* Your goal: Below is a listing. Gather each line of it that contains "height".

* Exercise data:
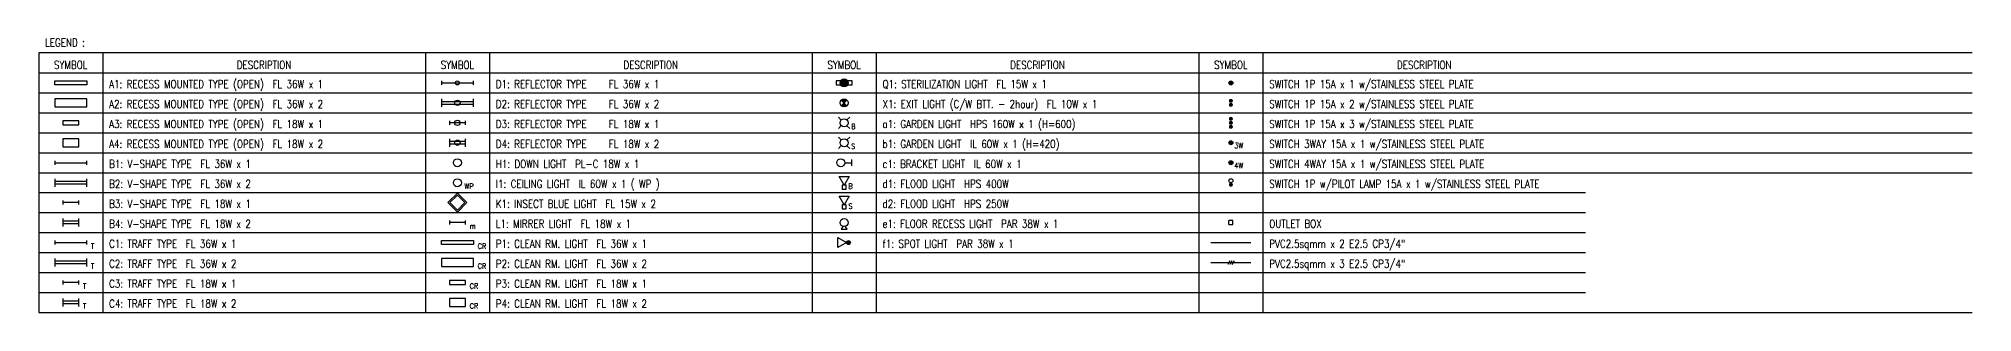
# Model space of a CAD drawing. Extents: x -5343388 to 7033982, y -486386 to 188356.
# Drawn here: x 282709 to 289959, y -197298 to -196269 of the extents above; entities that cross this region are included whole.
import ezdxf
from ezdxf.enums import TextEntityAlignment as Align

# ---------------------------------------------------------------- set-up
doc = ezdxf.new("R2010")
doc.units = 0
doc.header["$MEASUREMENT"] = 0
for name, color, linetype in [('ELE_EXT', 6, 'Continuous'), ('ELE_FRM', 1, 'Continuous'), ('ELE_LTG', 6, 'Continuous'), ('ELE_NOC', 50, 'Continuous'), ('ELE_SW', 4, 'Continuous'), ('ELE_TXT', 50, 'Continuous'), ('ELE_WIRE', 240, 'Continuous')]:
    doc.layers.add(name, color=color, linetype=linetype)
doc.styles.add('HTXT1', font='romans.shx', dxfattribs={"width": 0.8, "bigfont": 'extfont.shx'})

# ---------------------------------------------------------------- blocks, each defined once
blk = doc.blocks.new('EKFL0301')
at = {"color": 0, "linetype": 'ByBlock', "lineweight": -2}
for p, q in [((600, 75), (-600, 75)), ((-600, 75), (-600, -75)), ((600, -75), (600, 75)), ((-600, -75), (600, -75))]:
    blk.add_line(p, q, dxfattribs=at)
blk = doc.blocks.new('EKFL0311')
at = {"color": 0, "linetype": 'ByBlock', "lineweight": -2}
for p, q in [((600, 150), (-600, 150)), ((-600, 150), (-600, -150)), ((600, -150), (600, 150)), ((-600, -150), (600, -150))]:
    blk.add_line(p, q, dxfattribs=at)
blk = doc.blocks.new('V-SHAPE 40-1')
for p, q in [((75, 600), (-75, 600)), ((0, -600), (0, 600)), ((-75, -600), (75, -600))]:
    blk.add_line(p, q)
blk = doc.blocks.new('V-SHAPE 40-2')
for p, q in [((150, 600), (-150, 600)), ((-50, 600), (-50, -600)), ((50, 600), (50, -600)), ((-150, -600), (150, -600))]:
    blk.add_line(p, q)
blk = doc.blocks.new('V-SHAPE 20-2')
for p, q in [((-300, 150), (-300, -150)), ((300, 50), (-300, 50)), ((300, -150), (300, 150)), ((300, -50), (-300, -50))]:
    blk.add_line(p, q)
blk = doc.blocks.new('V-Shape 20-1')
for p, q in [((-300, 75), (-300, -75)), ((300, 0), (-300, 0)), ((300, -75), (300, 75))]:
    blk.add_line(p, q)
blk = doc.blocks.new('Recess Open 20-2 CR')
for p, q in [((-150, 300), (-150, -300)), ((150, 300), (-150, 300)), ((150, -300), (150, 300)), ((-150, -300), (150, -300))]:
    blk.add_line(p, q)
blk = doc.blocks.new('EKFL0261')
at = {"color": 0, "linetype": 'ByBlock', "lineweight": -2}
for p, q in [((300, 75), (-300, 75)), ((-300, 75), (-300, -75)), ((300, -75), (300, 75)), ((-300, -75), (300, -75))]:
    blk.add_line(p, q, dxfattribs=at)
blk = doc.blocks.new('NECMAK08')
at = {"color": 0, "linetype": 'ByBlock', "lineweight": -2}
for p, q in [((0, 3.54), (-3.54, 0)), ((-3.54, 0), (0, -3.54)), ((0, 2.83), (-2.83, 0)), ((-2.83, 0), (0, -2.83)), ((3.54, 0), (0, 3.54)), ((2.83, 0), (0, 2.83)), ((0, -3.54), (3.54, 0)), ((0, -2.83), (2.83, 0))]:
    blk.add_line(p, q, dxfattribs=at)
blk = doc.blocks.new('REFLECTOR 20-2')
for p, q in [((-300, 150), (-300, -150)), ((300, 50), (-300, 50)), ((300, -150), (300, 150)), ((300, -50), (-300, -50))]:
    blk.add_line(p, q)
blk.add_circle((0, 0), 100)
blk = doc.blocks.new('EKLI0011')
at = {"color": 0, "linetype": 'ByBlock', "lineweight": -2}
blk.add_circle((0, 0), 1.5, dxfattribs=at)
blk = doc.blocks.new('REFLECTOR 40-1')
for p, q in [((75, 600), (-75, 600)), ((0, -600), (0, 600)), ((-75, -600), (75, -600))]:
    blk.add_line(p, q)
blk.add_circle((0, 0), 75)
blk = doc.blocks.new('REFLECTOR 40-2')
for p, q in [((150, 600), (-150, 600)), ((-50, -600), (-50, 600)), ((50, -600), (50, 600)), ((-150, -600), (150, -600))]:
    blk.add_line(p, q)
blk.add_circle((0, 0), 100)
blk = doc.blocks.new('REFLECTOR 20-1')
for p, q in [((-300, 75), (-300, -75)), ((300, 0), (-300, 0)), ((300, -75), (300, 75))]:
    blk.add_line(p, q)
blk.add_circle((0, 0), 100)
blk = doc.blocks.new('EKLI0151')
at = {"color": 0, "linetype": 'ByBlock', "lineweight": -2}
for p, q in [((-1.06, -1.06), (1.06, 1.06)), ((1.06, -1.06), (-1.06, 1.06))]:
    blk.add_line(p, q, dxfattribs=at)
blk.add_circle((0, 0), 1.5, dxfattribs=at)
for points in [[(-1.06, 1.06), (-0.75, 1.3), (-0.9, 1.2)], [(0, 0), (-1.06, 1.06), (-0.75, 1.3)], [(0, 0), (-1.06, -1.06), (-0.75, -1.3)], [(-0.75, 1.3), (-0.3, 1.47), (-0.55, 1.4)], [(0, 0), (-0.75, 1.3), (-0.3, 1.47)], [(0, 0), (-0.11, 1.5), (-0.3, 1.47)], [(0, 0), (-0.11, 1.5), (0.07, 1.5)], [(0, 0), (0.07, 1.5), (0.26, 1.48)], [(0, 0), (0.26, 1.48), (0.42, 1.44)], [(0, 0), (0.75, 1.3), (0.42, 1.44)], [(0, 0), (1.06, 1.06), (0.75, 1.3)], [(0, 0), (1.06, -1.06), (0.75, -1.3)], [(0.75, 1.3), (0.42, 1.44), (0.6, 1.37)], [(0.75, 1.3), (1.06, 1.06), (0.92, 1.19)], [(-1.06, -1.06), (-0.75, -1.3), (-0.9, -1.2)], [(0, 0), (-0.75, -1.3), (-0.3, -1.47)], [(-0.75, -1.3), (-0.3, -1.47), (-0.55, -1.4)], [(0, 0), (-0.11, -1.5), (-0.3, -1.47)], [(0, 0), (-0.11, -1.5), (0.07, -1.5)], [(0, 0), (0.26, -1.48), (0.42, -1.44)], [(0, 0), (0.07, -1.5), (0.26, -1.48)], [(0, 0), (0.75, -1.3), (0.42, -1.44)], [(0.75, -1.3), (0.42, -1.44), (0.6, -1.37)], [(0.75, -1.3), (1.06, -1.06), (0.92, -1.19)]]:
    blk.add_solid(points, dxfattribs=at)
blk = doc.blocks.new('EKFL0501')
at = {"color": 0, "linetype": 'ByBlock', "lineweight": -2}
for p, q in [((-129.9, 75), (-300, 75)), ((-300, 75), (-300, -75)), ((300, 75), (129.9, 75)), ((300, -75), (300, 75)), ((-300, -75), (-129.9, -75)), ((129.9, -75), (300, -75))]:
    blk.add_line(p, q, dxfattribs=at)
at = {"color": 0, "linetype": 'ByBlock', "lineweight": -2, "const_width": 150}
blk.add_lwpolyline([(-75, 0, 1), (75, 0, 1)], format="xyb", close=True, dxfattribs=at)
at = {"color": 0, "linetype": 'ByBlock', "lineweight": -2}
blk.add_circle((0, 0), 150, dxfattribs=at)
blk = doc.blocks.new('EP010101')
at = {"color": 0, "linetype": 'ByBlock', "const_width": 0.75}
blk.add_lwpolyline([(-0.375, 0.75, 1), (0.375, 0.75, 1)], format="xyb", close=True, dxfattribs=at)
at = {"color": 0, "lineweight": -2}
blk.add_circle((0, 2.25), 0.75, dxfattribs=at)
blk = doc.blocks.new('EKSW0011')
at = {"color": 0, "linetype": 'ByBlock', "lineweight": -2, "const_width": 0.75}
blk.add_lwpolyline([(-0.375, 0.75, 1), (0.375, 0.75, 1)], format="xyb", close=True, dxfattribs=at)
at = {"linetype": 'Continuous', "lineweight": -2}
blk.add_circle((0, 0.75), 0.75, dxfattribs=at)
blk = doc.blocks.new('ES030100')
at = {"color": 0, "linetype": 'ByBlock', "const_width": 0.75}
for points in [[(-0.375, 3.75, 1), (0.375, 3.75, 1)], [(-0.375, 2.25, 1), (0.375, 2.25, 1)], [(-0.375, 0.75, 1), (0.375, 0.75, 1)]]:
    blk.add_lwpolyline(points, format="xyb", close=True, dxfattribs=at)
blk = doc.blocks.new('ES020100')
at = {"color": 0, "linetype": 'ByBlock', "const_width": 0.75}
for points in [[(-0.375, 2.25, 1), (0.375, 2.25, 1)], [(-0.375, 0.75, 1), (0.375, 0.75, 1)]]:
    blk.add_lwpolyline(points, format="xyb", close=True, dxfattribs=at)
blk = doc.blocks.new('EKHA0501')
at = {"color": 0, "linetype": 'ByBlock', "lineweight": -2}
for p, q in [((-0.75, -0.75), (-0.75, 0.75)), ((0.75, 0.75), (-0.75, 0.75)), ((0.75, -0.75), (0.75, 0.75)), ((-0.75, -0.75), (0.75, -0.75))]:
    blk.add_line(p, q, dxfattribs=at)
blk = doc.blocks.new('GARDEN LIGHT_PL-C_18W-1')
for p, q in [((-1.08, 1.05), (-2.14, 2.11)), ((1.06, 1.06), (2.12, 2.12)), ((-1.06, -1.06), (-2.12, -2.12)), ((1.01, -1.11), (2.08, -2.17))]:
    blk.add_line(p, q)
blk.add_circle((0, 0), 1.5)
blk = doc.blocks.new('Floor_Recess_Light')
at = {"color": 0, "linetype": 'ByBlock', "lineweight": -2}
for p, q in [((-0.5, -1.41), (-1.12, -2.5)), ((-1.12, -2.5), (1.12, -2.5)), ((1.12, -2.5), (0.5, -1.41))]:
    blk.add_line(p, q, dxfattribs=at)
blk.add_circle((0, 0), 1.5, dxfattribs=at)
blk = doc.blocks.new('Bracket Light')
at = {"color": 0, "linetype": 'ByBlock', "lineweight": -2}
for p, q in [((1.5, 0), (4, 0)), ((4, 1.2), (4, -1.2))]:
    blk.add_line(p, q, dxfattribs=at)
blk.add_circle((0, 0), 1.5, dxfattribs=at)
blk = doc.blocks.new('EKHO0491')
at = {"color": 0, "linetype": 'ByBlock', "lineweight": -2}
for p, q in [((0, 1.5), (-1.875, 4.748)), ((-1.875, 4.748), (1.875, 4.748)), ((0.75, 1.5), (-0.75, 1.5)), ((-0.75, 1.5), (-0.75, 0)), ((-0.75, 0), (0.75, 0)), ((1.875, 4.748), (0, 1.5)), ((0.75, 0), (0.75, 1.5))]:
    blk.add_line(p, q, dxfattribs=at)
blk = doc.blocks.new('Spot Light')
at = {"linetype": 'ByBlock', "lineweight": -2}
h = blk.add_hatch(color=0, dxfattribs=at)
edge = h.paths.add_edge_path()
edge.add_arc((-0.75, 0), 0.75, 0, 360)
at = {"color": 0, "linetype": 'ByBlock', "lineweight": -2}
for p, q in [((-4.748, -1.875), (-4.748, 1.875)), ((-4.748, 1.875), (-1.5, 0)), ((-1.5, 0), (-4.748, -1.875))]:
    blk.add_line(p, q, dxfattribs=at)
blk.add_circle((-0.75, 0), 0.75, dxfattribs=at)

msp = doc.modelspace()

# ---------------------------------------------------------------- linework, layer by layer
at = {"layer": 'ELE_FRM'}
for p, q in [((289959.17794, -196323.40193), (282709.17794, -196323.40193)), ((282709.17794, -196323.40193), (282709.17794, -197298.40193)), ((282949.17794, -196323.40193), (282949.17794, -197298.40193)), ((284159.17794, -196323.40193), (284159.17794, -197298.40193)), ((284399.17794, -196323.40193), (284399.17794, -197298.40193)), ((285609.17794, -196323.40193), (285609.17794, -197298.40193)), ((285849.17794, -196323.40193), (285849.17794, -197298.40193)), ((287059.17794, -196323.40193), (287059.17794, -197298.40193)), ((287299.17794, -196323.40193), (287299.17794, -197298.40193)), ((282709.17794, -196398.40193), (289959.17794, -196398.40193)), ((282709.17794, -196473.40193), (289959.17794, -196473.40193)), ((282709.17794, -196548.40193), (289959.17794, -196548.40193)), ((282709.17794, -196623.40193), (289959.17794, -196623.40193)), ((282709.17794, -196698.40193), (289959.17794, -196698.40193)), ((282709.17794, -196773.40193), (289959.17794, -196773.40193)), ((282709.17794, -196848.40193), (288509.17794, -196848.40193)), ((282709.17794, -196923.40193), (288509.17794, -196923.40193)), ((282709.17794, -196998.40193), (288509.17794, -196998.40193)), ((282709.17794, -197073.40193), (288509.17794, -197073.40193)), ((282709.17794, -197148.40193), (288509.17794, -197148.40193)), ((282709.17794, -197223.40193), (288509.17794, -197223.40193)), ((282709.17794, -197298.40193), (289959.17794, -197298.40193))]:
    msp.add_line(p, q, dxfattribs=at)
at = {"layer": 'ELE_NOC'}
for p, q in [((287175.17794, -197103.97373), (287167.17794, -197117.83013)), ((287183.17794, -197103.97373), (287175.17794, -197117.83013)), ((287191.17794, -197103.97373), (287183.17794, -197117.83013))]:
    msp.add_line(p, q, dxfattribs=at)
at = {"layer": 'ELE_WIRE'}
for p, q in [((287104.17794, -197035.90193), (287254.17794, -197035.90193)), ((287104.17794, -197110.90193), (287254.17794, -197110.90193))]:
    msp.add_line(p, q, dxfattribs=at)

# ---------------------------------------------------------------- block references
at = {"layer": 'ELE_EXT', "xscale": 10, "yscale": 10, "zscale": 10}
msp.add_blockref('EKLI0151', (285729.17794, -196510.90193), dxfattribs=at)
at = {"layer": 'ELE_LTG', "yscale": 0.1000000000931323}
for name, p, xscale, zscale, rotation in [('EKFL0301', (282829.17794, -196435.90193), -0.1000000000931323, 0.1, 180), ('REFLECTOR 40-1', (284279.17794, -196435.90193), 0.1000000000931323, 0.1000000000931323, 270), ('REFLECTOR 40-2', (284279.17794, -196510.90193), 0.1000000000931323, 0.1000000000931323, 270), ('Recess Open 20-2 CR', (282829.17794, -196660.90193), 0.1000000000931323, 0.1000000000931323, 270), ('V-SHAPE 40-1', (282829.17794, -196735.90193), 0.1000000000931323, 0.1000000000931323, 270), ('V-SHAPE 40-2', (282829.17794, -196810.90193), 0.1000000000931323, 0.1000000000931323, 270), ('V-SHAPE 40-1', (282829.17794, -197035.90193), 0.1000000000931323, 0.1000000000931323, 270), ('EKFL0301', (284279.17794, -197035.90193), -0.1000000000931323, 0.1, 180), ('V-SHAPE 40-2', (282829.17794, -197110.90193), 0.1000000000931323, 0.1000000000931323, 270), ('Recess Open 20-2 CR', (284279.17794, -197260.90193), 0.1000000000931323, 0.1000000000931323, 270)]:
    msp.add_blockref(name, p, dxfattribs=dict(at, xscale=xscale, zscale=zscale, rotation=rotation))
at = {"layer": 'ELE_LTG'}
for name, p, xscale, yscale, zscale in [('EKFL0501', (285729.17794, -196435.90193), 0.1000000000931323, 0.1000000000931323, 0.1000000000931323), ('EKFL0311', (282829.17794, -196510.90193), 0.1000000000931323, 0.1000000000931323, 0.1000000000931323), ('EKFL0261', (282829.17794, -196585.90193), 0.1000000000931323, 0.1000000000931323, 0.1000000000931323), ('REFLECTOR 20-1', (284279.17794, -196585.90193), 0.1000000000931323, 0.1000000000931323, 0.1000000000931323), ('GARDEN LIGHT_PL-C_18W-1', (285729.17794, -196585.90193), 10, 10, 10), ('REFLECTOR 20-2', (284279.17794, -196660.90193), 0.1000000000931323, 0.1000000000931323, 0.1000000000931323), ('GARDEN LIGHT_PL-C_18W-1', (285729.17794, -196660.90193), 10, 10, 10), ('EKLI0011', (284279.17794, -196735.90193), 10, 10, 10), ('Bracket Light', (285716.67794, -196735.90193), 10, 10, 10), ('EKLI0011', (284279.17794, -196810.90193), 10, 10, 10), ('EKHO0491', (285729.17794, -196834.64193), 10, 10, 10), ('V-Shape 20-1', (282829.17794, -196885.90193), 0.1000000000931323, 0.1000000000931323, 0.1000000000931323), ('NECMAK08', (284279.17794, -196885.90193), 10, 10, 0.1), ('EKHO0491', (285729.17794, -196909.64193), 10, 10, 10), ('V-SHAPE 20-2', (282829.17794, -196960.90193), 0.1000000000931323, 0.1000000000931323, 0.1000000000931323), ('V-Shape 20-1', (284279.17794, -196960.90193), 0.1000000000931323, 0.1000000000931323, 0.1000000000931323), ('Floor_Recess_Light', (285729.17794, -196960.90193), 10, 10, 10), ('Spot Light', (285752.91794, -197035.90193), 10, 10, 10), ('EKFL0311', (284279.17794, -197110.90193), 0.1000000000931323, 0.1000000000931323, 0.1000000000931323), ('V-Shape 20-1', (282829.17794, -197185.90193), 0.1000000000931323, 0.1000000000931323, 0.1000000000931323), ('EKFL0261', (284279.17794, -197185.90193), 0.1000000000931323, 0.1000000000931323, 0.1000000000931323), ('V-SHAPE 20-2', (282829.17794, -197260.90193), 0.1000000000931323, 0.1000000000931323, 0.1000000000931323)]:
    msp.add_blockref(name, p, dxfattribs=dict(at, xscale=xscale, yscale=yscale, zscale=zscale))
at = {"layer": 'ELE_SW', "xscale": 10, "yscale": 10, "zscale": 10, "rotation": 180}
for name, p in [('EKSW0011', (287179.17794, -196428.40193)), ('ES020100', (287179.17794, -196495.90193)), ('EKSW0011', (287179.17794, -196653.40193)), ('EKSW0011', (287179.17794, -196728.40193))]:
    msp.add_blockref(name, p, dxfattribs=at)
at = {"layer": 'ELE_SW', "xscale": 10, "yscale": 10, "zscale": 10}
for name, p in [('ES030100', (287179.17794, -196608.40193)), ('EP010101', (287179.17794, -196825.90193))]:
    msp.add_blockref(name, p, dxfattribs=at)
at = {"layer": 'ELE_WIRE', "xscale": 10, "yscale": 10, "zscale": 10}
msp.add_blockref('EKHA0501', (287179.17794, -196960.90193), dxfattribs=at)

# ---------------------------------------------------------------- texts
at = {"layer": 'ELE_LTG', "style": 'HTXT1', "width": 0.8}
for s, p in [('B', (285755.65786, -196609.3047)), ('S', (285755.65786, -196684.3047)), ('WP', (284305.65786, -196834.3047)), ('B', (285745.57002, -196834.3047)), ('S', (285745.57002, -196909.3047)), ('m', (284325.20564, -196984.3047)), ('T', (282905.20564, -197059.3047)), ('CR', (284355.20564, -197059.3047)), ('T', (282905.20564, -197134.3047)), ('CR', (284355.20564, -197134.3047)), ('T', (282875.20564, -197209.3047)), ('CR', (284325.20564, -197209.3047)), ('T', (282875.20564, -197284.3047)), ('CR', (284325.20564, -197284.3047))]:
    msp.add_text(s, height=20, dxfattribs=at).set_placement(p)
at = {"layer": 'ELE_SW', "style": 'HTXT1', "width": 0.8}
for s, p in [('3W', (287192.2211, -196681.608)), ('4W', (287192.2211, -196756.608))]:
    msp.add_text(s, height=20, dxfattribs=at).set_placement(p)
at = {"layer": 'ELE_TXT', "style": 'HTXT1', "width": 0.8}
for s, p in [('LEGEND :', (282733.17794, -196299.40193)), ('A1: RECESS MOUNTED TYPE (OPEN)  FL 36W x 1', (282973.17794, -196455.40193)), ('D1: REFLECTOR TYPE   FL 36W x 1', (284423.17794, -196455.40193)), ('Q1: STERILIZATION LIGHT  FL 15W x 1', (285873.17794, -196455.40193)), ('SWITCH 1P 15A x 1 w/STAINLESS STEEL PLATE', (287323.17794, -196455.40193)), ('A2: RECESS MOUNTED TYPE (OPEN)  FL 36W x 2', (282973.17794, -196530.40193)), ('D2: REFLECTOR TYPE   FL 36W x 2', (284423.17794, -196530.40193)), ('X1: EXIT LIGHT (C/W BTT. - 2hour)  FL 10W x 1', (285873.17794, -196530.40193)), ('SWITCH 1P 15A x 2 w/STAINLESS STEEL PLATE', (287323.17794, -196530.40193)), ('A3: RECESS MOUNTED TYPE (OPEN)  FL 18W x 1', (282973.17794, -196605.40193)), ('D3: REFLECTOR TYPE   FL 18W x 1', (284423.17794, -196605.40193)), ('a1: GARDEN LIGHT  HPS 160W x 1 (H=600)', (285873.17794, -196605.40193)), ('SWITCH 1P 15A x 3 w/STAINLESS STEEL PLATE', (287323.17794, -196605.40193)), ('A4: RECESS MOUNTED TYPE (OPEN)  FL 18W x 2', (282973.17794, -196680.40193)), ('D4: REFLECTOR TYPE   FL 18W x 2', (284423.17794, -196680.40193)), ('b1: GARDEN LIGHT  IL 60W x 1 (H=420)', (285873.17794, -196680.40193)), ('SWITCH 3WAY 15A x 1 w/STAINLESS STEEL PLATE', (287323.17794, -196680.40193)), ('B1: V-SHAPE TYPE  FL 36W x 1', (282973.17794, -196755.40193)), ('H1: DOWN LIGHT  PL-C 18W x 1', (284423.17794, -196755.40193)), ('c1: BRACKET LIGHT  IL 60W x 1', (285873.17794, -196755.40193)), ('SWITCH 4WAY 15A x 1 w/STAINLESS STEEL PLATE', (287323.17794, -196755.40193)), ('B2: V-SHAPE TYPE  FL 36W x 2', (282973.17794, -196830.40193)), ('I1: CEILING LIGHT  IL 60W x 1 ( WP )', (284423.17794, -196830.40193)), ('d1: FLOOD LIGHT  HPS 400W', (285873.17794, -196830.40193)), ('SWITCH 1P w/PILOT LAMP 15A x 1 w/STAINLESS STEEL PLATE', (287323.17794, -196830.40193)), ('B3: V-SHAPE TYPE  FL 18W x 1', (282973.17794, -196905.40193)), ('K1: INSECT BLUE LIGHT  FL 15W x 2', (284423.17794, -196905.40193)), ('d2: FLOOD LIGHT  HPS 250W', (285873.17794, -196905.40193)), ('B4: V-SHAPE TYPE  FL 18W x 2', (282973.17794, -196980.40193)), ('L1: MIRRER LIGHT  FL 18W x 1', (284423.17794, -196980.40193)), ('e1: FLOOR RECESS LIGHT  PAR 38W x 1', (285873.17794, -196980.40193)), ('OUTLET BOX', (287323.17794, -196980.40193)), ('C1: TRAFF TYPE  FL 36W x 1', (282973.17794, -197055.40193)), ('P1: CLEAN RM. LIGHT  FL 36W x 1', (284423.17794, -197055.40193)), ('f1: SPOT LIGHT  PAR 38W x 1', (285873.17794, -197055.40193)), ('PVC2.5sqmm x 2 E2.5 CP3/4" ', (287323.17794, -197055.40193)), ('C2: TRAFF TYPE  FL 36W x 2', (282973.17794, -197130.40193)), ('P2: CLEAN RM. LIGHT  FL 36W x 2', (284423.17794, -197130.40193)), ('PVC2.5sqmm x 3 E2.5 CP3/4" ', (287323.17794, -197130.40193)), ('C3: TRAFF TYPE  FL 18W x 1', (282973.17794, -197205.40193)), ('P3: CLEAN RM. LIGHT  FL 18W x 1', (284423.17794, -197205.40193)), ('C4: TRAFF TYPE  FL 18W x 2', (282973.17794, -197280.40193)), ('P4: CLEAN RM. LIGHT  FL 18W x 2', (284423.17794, -197280.40193))]:
    msp.add_text(s, height=30, dxfattribs=at).set_placement(p)
for s, p in [('SYMBOL', (282829.17794, -196383.40193)), ('DESCRIPTION', (283554.17794, -196383.40193)), ('SYMBOL', (284279.17794, -196383.40193)), ('DESCRIPTION', (285004.17794, -196383.40193)), ('SYMBOL', (285729.17794, -196383.40193)), ('DESCRIPTION', (286454.17794, -196383.40193)), ('SYMBOL', (287179.17794, -196383.40193)), ('DESCRIPTION', (287904.17794, -196383.40193))]:
    msp.add_text(s, height=30, dxfattribs=at).set_placement(p, align=Align.CENTER)

doc.saveas('drawing.dxf')

* Answer to this task:
    msp.add_text(s, height=20, dxfattribs=at).set_placement(p)
    msp.add_text(s, height=20, dxfattribs=at).set_placement(p)
    msp.add_text(s, height=30, dxfattribs=at).set_placement(p)
    msp.add_text(s, height=30, dxfattribs=at).set_placement(p, align=Align.CENTER)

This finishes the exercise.